Written by 16:51 Database development, Statements

SQL CASE: Know and Avoid 3 Lesser-Known Hassles

CodingSight - SQL CASE: Know and Avoid 3 Lesser-Known Hassles

SQL CASE? Piece of cake!

Really?

Not until you bump into 3 troublesome issues that can cause runtime errors and slow performance.

If you are trying to scan the subheadings to see what the issues are, I can’t blame you. Readers, including me, are impatient.

I trust that you already know the basics of SQL CASE, so, I won’t bore you with long introductions. Let’s dig into a deeper understanding of what’s happening under the hood.

1. SQL CASE Does Not Always Evaluate Sequentially

Expressions in the Microsoft SQL CASE statement are mostly evaluated sequentially or from left to right. It’s a different story, though, when using it with aggregate functions. Let’s have an example:

-- aggregate function evaluated first and generated an error
DECLARE @value INT = 0;
SELECT CASE WHEN @value = 0 THEN 1 ELSE MAX(1/@value) END;

The above code looks normal. If I ask you what’s the result of those statements, you’ll probably say 1. Visual inspection tells us that because @value is set to 0. When the @value is 0, the result is 1.

But that is not the case here. Have a look at the real result from SQL Server Management Studio:

Msg 8134, Level 16, State 1, Line 4
Divide by zero error encountered.

But why?

When conditional expressions use aggregate functions like MAX() in SQL CASE, it is evaluated first. Thus, MAX(1/@value) will cause the division by zero error because @value is zero.

This situation is more troublesome when hidden. I’ll explain it later.

2. Simple SQL CASE Expression Evaluates Multiple Times

So what?

Good question. The truth is, there aren’t any problems at all if you use literals or simple expressions. But if you use subqueries as a conditional expression, you’ll get a big surprise.
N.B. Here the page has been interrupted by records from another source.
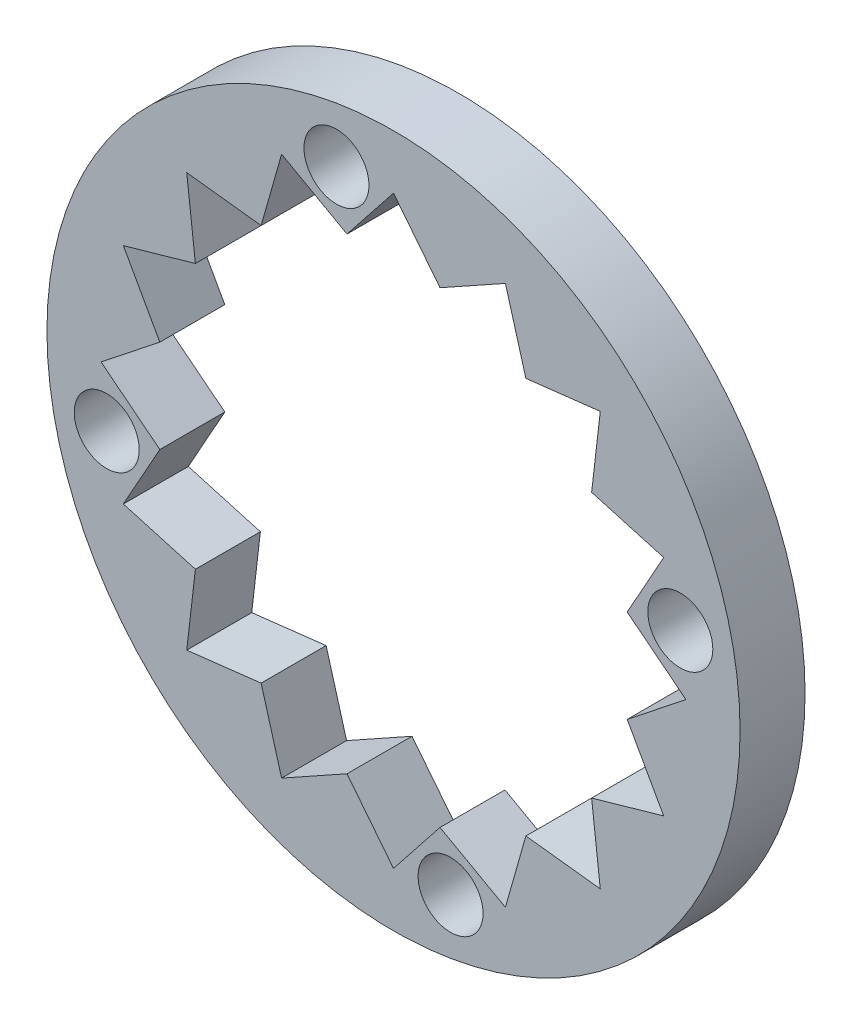
SolidWorks part; units mm, degrees
ref_plane "Plano frontal" through (0, 0, 0) normal (0, 0, 1) x (1, 0, 0)
ref_plane "Plano superior" through (0, 0, 0) normal (0, 1, 0) x (1, 0, 0)
ref_plane "Plano direito" through (0, 0, 0) normal (1, 0, 0) x (0, 0, -1)
sketch "Esboço1" plane through (0, 0, 0) normal (0, 0, 1) x (1, 0, 0)
  line L0 (0, 32) -> (0, -32) construction
  line L1 (-32, 0) -> (32, 0) construction
  line L2 (-22.6274, 22.6274) -> (22.6274, -22.6274) construction
  line L3 (22.6274, 22.6274) -> (-22.6274, -22.6274) construction
  line L4 (-29.5641, 12.2459) -> (29.5641, -12.2459) construction
  line L5 (-29.5641, -12.2459) -> (29.5641, 12.2459) construction
  line L6 (-12.2459, -29.5641) -> (12.2459, 29.5641) construction
  line L7 (12.2459, -29.5641) -> (-12.2459, 29.5641) construction
  line L8 (0, 27) -> (-4.292, 21.5773)
  line L9 (0, 27) -> (4.292, 21.5773)
  line L10 (10.3325, 24.9447) -> (4.292, 21.5773)
  line L11 (10.3325, 24.9447) -> (12.2225, 18.2923)
  line L12 (19.0919, 19.0919) -> (12.2225, 18.2923)
  line L13 (19.0919, 19.0919) -> (18.2923, 12.2225)
  line L14 (24.9447, 10.3325) -> (18.2923, 12.2225)
  line L15 (24.9447, 10.3325) -> (21.5773, 4.292)
  line L16 (27, 0) -> (21.5773, 4.292)
  line L17 (27, 0) -> (21.5773, -4.292)
  line L18 (24.9447, -10.3325) -> (21.5773, -4.292)
  line L19 (24.9447, -10.3325) -> (18.2923, -12.2225)
  line L20 (19.0919, -19.0919) -> (18.2923, -12.2225)
  line L21 (19.0919, -19.0919) -> (12.2225, -18.2923)
  line L22 (10.3325, -24.9447) -> (12.2225, -18.2923)
  line L23 (10.3325, -24.9447) -> (4.292, -21.5773)
  line L24 (0, -27) -> (4.292, -21.5773)
  line L25 (0, -27) -> (-4.292, -21.5773)
  line L26 (-10.3325, -24.9447) -> (-4.292, -21.5773)
  line L27 (-10.3325, -24.9447) -> (-12.2225, -18.2923)
  line L28 (-19.0919, -19.0919) -> (-12.2225, -18.2923)
  line L29 (-19.0919, -19.0919) -> (-18.2923, -12.2225)
  line L30 (-24.9447, -10.3325) -> (-18.2923, -12.2225)
  line L31 (-24.9447, -10.3325) -> (-21.5773, -4.292)
  line L32 (-27, 0) -> (-21.5773, -4.292)
  line L33 (-27, 0) -> (-21.5773, 4.292)
  line L34 (-24.9447, 10.3325) -> (-21.5773, 4.292)
  line L35 (-24.9447, 10.3325) -> (-18.2923, 12.2225)
  line L36 (-19.0919, 19.0919) -> (-18.2923, 12.2225)
  line L37 (-19.0919, 19.0919) -> (-12.2225, 18.2923)
  line L38 (-10.3325, 24.9447) -> (-12.2225, 18.2923)
  line L39 (-10.3325, 24.9447) -> (-4.292, 21.5773)
  circle A0 centre (0, 0) radius 32
  circle A1 centre (0, 0) radius 27
  circle A2 centre (0, 0) radius 22
  point P72 (0, 0)
  dimension "D1" = 64
  dimension "D2" = 54
  dimension "D9" = 5
  dimension "D3" = 45
  dimension "D4" = 45
  dimension "D5" = 22.5
  dimension "D6" = 22.5
  dimension "D7" = 22.5
  dimension "D8" = 22.5
  dimension "D10" = 11.25
  dimension "D11" = 11.25
  dimension "D12" = 16
extrude "Ressalto-extrusão2" add sketch "Esboço1" along normal blind 6 contours A0 A1 | L8 A1 L39 | L38 A1 L37 | L36 A1 L35 | L34 A1 L33 | L32 A1 L31 | L30 A1 L29 | L28 A1 L27 | L26 A1 L25 | L24 A1 L23 | L22 A1 L21 | L20 A1 L19 | L18 A1 L17 | L16 A1 L15 | L14 A1 L13 | L12 A1 L11 | L10 A1 L9
sketch "Esboço3" plane through (0, 0, 6) normal (0, 0, 1) x (1, 0, 0)
  line L0 (-21.5773, -4.292) -> (-26.4812, -5.2674)
  line L1 (21.5773, 4.292) -> (26.4812, 5.2674)
  line L2 (26.4812, 5.2674) -> (31.3851, 6.2429)
  line L3 (-26.4812, -5.2674) -> (-31.3851, -6.2429)
  line L4 (-4.292, 21.5773) -> (-5.2674, 26.4812)
  line L5 (-5.2674, 26.4812) -> (-6.2429, 31.3851)
  line L6 (4.292, -21.5773) -> (5.2674, -26.4812)
  line L7 (5.2674, -26.4812) -> (6.2429, -31.3851)
  line L8 (-18.2923, 12.2225) -> (-22.4497, 15.0004)
  line L9 (-22.4497, 15.0004) -> (-26.607, 17.7782)
  line L10 (18.2923, -12.2225) -> (22.4497, -15.0004)
  line L11 (22.4497, -15.0004) -> (26.607, -17.7782)
  circle A0 centre (-5.2674, 26.4812) radius 3
  circle A1 centre (5.2674, -26.4812) radius 3
  circle A2 centre (26.4812, 5.2674) radius 3
  circle A3 centre (-26.4812, -5.2674) radius 3
  circle A4 centre (0, 0) radius 32 construction
  circle A5 centre (22.4497, -15.0004) radius 3
  circle A6 centre (-22.4497, 15.0004) radius 3
  dimension "D1" = 6
  dimension "D2" = 6
  dimension "D3" = 6
  dimension "D4" = 6
  dimension "D5" = 6
  dimension "D6" = 6
extrude "Corte-extrusão1" cut sketch "Esboço3" against normal through all contours A6 | A0 | A3 | A1 | A5 | A2
sketch "Esboço4" plane through (0, 0, 6) normal (0, 0, 1) x (1, 0, 0)
  circle A0 centre (-22.4497, 15.0004) radius 3
  circle A1 centre (22.4244, -15.2803) radius 3.2811
  point P1 (-22.4497, 15.0004)
  dimension "D2" = 6
extrude "Ressalto-extrusão3" add sketch "Esboço4" against normal blind 6

Before you try the example below, you may want to restore a copy of the database from here. We will use it for the rest of the examples.

Now, consider this very simple query:


SELECT TOP 1 manufacturerID FROM SportsCars

It’s very simple, right? It returns 1 row with 1 column of data. The STATISTICS IO reveals minimal logical reads.

Logical reads of SportsCars table before using it as a subquery in a SQL CASE
Figure 1. Logical reads of SportsCars table before using it as a subquery in a SQL CASE

Quick note: For the uninitiated, having higher logical reads makes a query slow. Read this for more details.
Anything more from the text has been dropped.